*Data for processing*:

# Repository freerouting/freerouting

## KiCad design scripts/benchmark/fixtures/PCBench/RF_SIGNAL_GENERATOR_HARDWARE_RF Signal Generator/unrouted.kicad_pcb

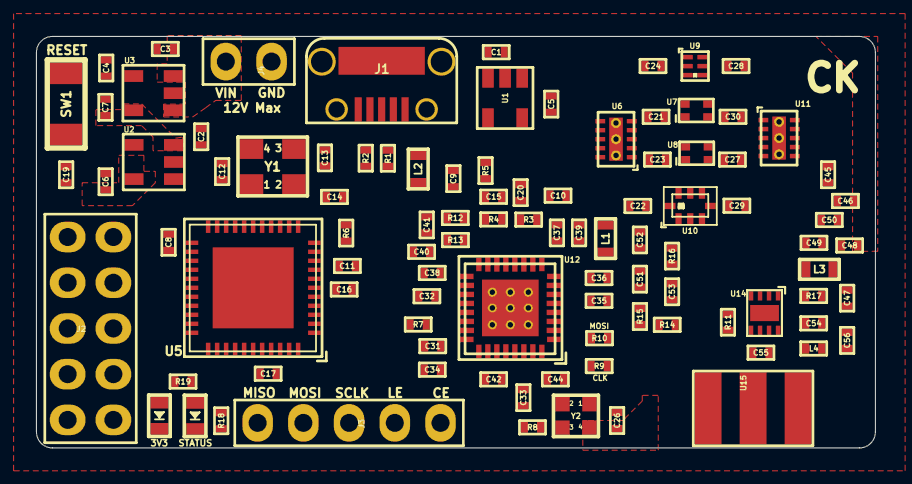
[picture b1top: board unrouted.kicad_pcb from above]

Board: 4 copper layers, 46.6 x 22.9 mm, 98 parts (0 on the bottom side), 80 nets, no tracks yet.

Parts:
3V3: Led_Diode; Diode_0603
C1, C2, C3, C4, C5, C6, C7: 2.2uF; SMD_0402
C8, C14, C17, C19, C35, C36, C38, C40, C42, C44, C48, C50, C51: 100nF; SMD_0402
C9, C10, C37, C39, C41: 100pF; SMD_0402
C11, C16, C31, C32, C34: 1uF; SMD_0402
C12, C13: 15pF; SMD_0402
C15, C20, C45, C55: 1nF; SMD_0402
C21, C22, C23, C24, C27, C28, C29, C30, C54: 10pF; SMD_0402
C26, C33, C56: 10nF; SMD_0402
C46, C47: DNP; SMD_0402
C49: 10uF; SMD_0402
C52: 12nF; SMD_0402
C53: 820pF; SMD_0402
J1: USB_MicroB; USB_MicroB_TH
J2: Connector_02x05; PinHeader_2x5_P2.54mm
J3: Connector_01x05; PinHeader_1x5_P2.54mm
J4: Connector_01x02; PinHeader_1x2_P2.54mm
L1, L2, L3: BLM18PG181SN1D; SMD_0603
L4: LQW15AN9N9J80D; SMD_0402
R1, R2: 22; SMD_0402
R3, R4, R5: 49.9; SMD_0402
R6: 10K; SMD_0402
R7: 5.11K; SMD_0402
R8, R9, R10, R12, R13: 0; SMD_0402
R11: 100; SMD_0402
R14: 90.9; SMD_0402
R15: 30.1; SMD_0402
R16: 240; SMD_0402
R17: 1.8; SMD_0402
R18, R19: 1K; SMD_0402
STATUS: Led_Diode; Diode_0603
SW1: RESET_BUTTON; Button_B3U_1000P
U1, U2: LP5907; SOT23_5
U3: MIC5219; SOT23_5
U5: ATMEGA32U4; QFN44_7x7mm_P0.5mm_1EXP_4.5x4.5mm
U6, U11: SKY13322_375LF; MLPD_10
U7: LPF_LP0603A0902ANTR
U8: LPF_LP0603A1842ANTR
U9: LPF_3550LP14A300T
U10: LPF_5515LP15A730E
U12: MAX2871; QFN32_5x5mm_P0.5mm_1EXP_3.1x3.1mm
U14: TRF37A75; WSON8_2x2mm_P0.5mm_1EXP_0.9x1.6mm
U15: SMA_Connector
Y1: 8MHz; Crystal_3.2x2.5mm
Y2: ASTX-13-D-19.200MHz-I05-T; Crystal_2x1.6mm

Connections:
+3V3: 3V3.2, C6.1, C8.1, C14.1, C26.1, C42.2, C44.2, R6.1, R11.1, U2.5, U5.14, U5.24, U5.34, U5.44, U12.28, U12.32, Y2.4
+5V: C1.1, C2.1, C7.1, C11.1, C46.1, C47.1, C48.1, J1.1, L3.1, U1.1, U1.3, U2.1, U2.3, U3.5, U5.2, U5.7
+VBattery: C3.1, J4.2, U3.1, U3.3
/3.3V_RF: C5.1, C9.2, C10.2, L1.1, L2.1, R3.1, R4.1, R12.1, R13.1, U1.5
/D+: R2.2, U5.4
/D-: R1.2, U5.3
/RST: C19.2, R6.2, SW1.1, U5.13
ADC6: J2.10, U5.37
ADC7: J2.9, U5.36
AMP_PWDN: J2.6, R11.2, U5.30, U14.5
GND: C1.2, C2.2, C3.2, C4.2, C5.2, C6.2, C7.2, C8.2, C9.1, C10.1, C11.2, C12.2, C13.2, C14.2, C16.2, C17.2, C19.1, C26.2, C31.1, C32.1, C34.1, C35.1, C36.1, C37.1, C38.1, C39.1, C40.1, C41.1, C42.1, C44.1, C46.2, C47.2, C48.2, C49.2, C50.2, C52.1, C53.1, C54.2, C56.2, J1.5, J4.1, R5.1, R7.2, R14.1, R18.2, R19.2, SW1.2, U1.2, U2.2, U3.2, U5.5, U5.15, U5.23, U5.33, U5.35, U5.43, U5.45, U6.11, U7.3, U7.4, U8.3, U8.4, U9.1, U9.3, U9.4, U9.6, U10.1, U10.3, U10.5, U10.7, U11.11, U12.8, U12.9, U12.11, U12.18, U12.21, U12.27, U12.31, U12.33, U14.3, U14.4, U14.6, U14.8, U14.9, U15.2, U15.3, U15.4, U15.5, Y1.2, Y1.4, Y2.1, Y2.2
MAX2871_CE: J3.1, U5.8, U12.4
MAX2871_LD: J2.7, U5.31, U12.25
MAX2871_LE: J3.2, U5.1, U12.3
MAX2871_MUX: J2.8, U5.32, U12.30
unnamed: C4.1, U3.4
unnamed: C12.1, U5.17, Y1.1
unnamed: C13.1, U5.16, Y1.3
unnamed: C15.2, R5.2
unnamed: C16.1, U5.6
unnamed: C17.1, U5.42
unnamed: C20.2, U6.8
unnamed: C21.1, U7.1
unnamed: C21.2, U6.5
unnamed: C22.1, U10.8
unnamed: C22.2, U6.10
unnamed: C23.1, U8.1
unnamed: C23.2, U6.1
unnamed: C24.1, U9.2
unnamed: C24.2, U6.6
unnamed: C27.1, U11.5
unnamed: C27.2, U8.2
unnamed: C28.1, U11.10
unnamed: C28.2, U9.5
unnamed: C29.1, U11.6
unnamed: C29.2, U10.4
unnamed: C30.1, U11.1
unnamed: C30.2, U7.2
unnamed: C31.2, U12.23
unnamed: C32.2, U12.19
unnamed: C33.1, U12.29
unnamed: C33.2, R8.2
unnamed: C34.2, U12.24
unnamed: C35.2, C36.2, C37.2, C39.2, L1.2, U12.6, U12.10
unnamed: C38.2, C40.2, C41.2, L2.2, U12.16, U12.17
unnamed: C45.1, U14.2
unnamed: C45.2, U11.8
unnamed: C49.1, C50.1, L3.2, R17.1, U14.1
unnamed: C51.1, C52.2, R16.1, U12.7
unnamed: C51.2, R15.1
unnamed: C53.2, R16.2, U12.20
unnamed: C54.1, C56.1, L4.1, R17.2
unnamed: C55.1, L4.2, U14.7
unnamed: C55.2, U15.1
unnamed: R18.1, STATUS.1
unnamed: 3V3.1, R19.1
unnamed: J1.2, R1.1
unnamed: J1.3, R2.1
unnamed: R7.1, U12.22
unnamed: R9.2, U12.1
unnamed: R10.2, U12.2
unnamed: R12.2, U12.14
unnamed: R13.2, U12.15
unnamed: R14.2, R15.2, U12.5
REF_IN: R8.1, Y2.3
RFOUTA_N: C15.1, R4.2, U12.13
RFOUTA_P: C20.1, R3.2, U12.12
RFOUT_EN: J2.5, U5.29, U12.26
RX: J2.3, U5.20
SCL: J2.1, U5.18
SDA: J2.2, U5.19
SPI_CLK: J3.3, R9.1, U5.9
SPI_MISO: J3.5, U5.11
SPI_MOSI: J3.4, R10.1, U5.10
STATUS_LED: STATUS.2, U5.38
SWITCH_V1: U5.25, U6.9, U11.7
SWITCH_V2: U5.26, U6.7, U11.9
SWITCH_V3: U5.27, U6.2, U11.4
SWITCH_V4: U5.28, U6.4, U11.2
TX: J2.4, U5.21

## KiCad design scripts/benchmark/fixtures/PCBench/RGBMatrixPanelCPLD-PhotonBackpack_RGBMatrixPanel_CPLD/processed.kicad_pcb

*Instructions to follow*:
Exactly repeat the material from its first line through the line with "R6: 10K; SMD_0402", including both, and leave the pictures and everything else out.

*Response to this exercise*:
# Repository freerouting/freerouting

## KiCad design scripts/benchmark/fixtures/PCBench/RF_SIGNAL_GENERATOR_HARDWARE_RF Signal Generator/unrouted.kicad_pcb

[picture b1top: board unrouted.kicad_pcb from above]

Board: 4 copper layers, 46.6 x 22.9 mm, 98 parts (0 on the bottom side), 80 nets, no tracks yet.

Parts:
3V3: Led_Diode; Diode_0603
C1, C2, C3, C4, C5, C6, C7: 2.2uF; SMD_0402
C8, C14, C17, C19, C35, C36, C38, C40, C42, C44, C48, C50, C51: 100nF; SMD_0402
C9, C10, C37, C39, C41: 100pF; SMD_0402
C11, C16, C31, C32, C34: 1uF; SMD_0402
C12, C13: 15pF; SMD_0402
C15, C20, C45, C55: 1nF; SMD_0402
C21, C22, C23, C24, C27, C28, C29, C30, C54: 10pF; SMD_0402
C26, C33, C56: 10nF; SMD_0402
C46, C47: DNP; SMD_0402
C49: 10uF; SMD_0402
C52: 12nF; SMD_0402
C53: 820pF; SMD_0402
J1: USB_MicroB; USB_MicroB_TH
J2: Connector_02x05; PinHeader_2x5_P2.54mm
J3: Connector_01x05; PinHeader_1x5_P2.54mm
J4: Connector_01x02; PinHeader_1x2_P2.54mm
L1, L2, L3: BLM18PG181SN1D; SMD_0603
L4: LQW15AN9N9J80D; SMD_0402
R1, R2: 22; SMD_0402
R3, R4, R5: 49.9; SMD_0402
R6: 10K; SMD_0402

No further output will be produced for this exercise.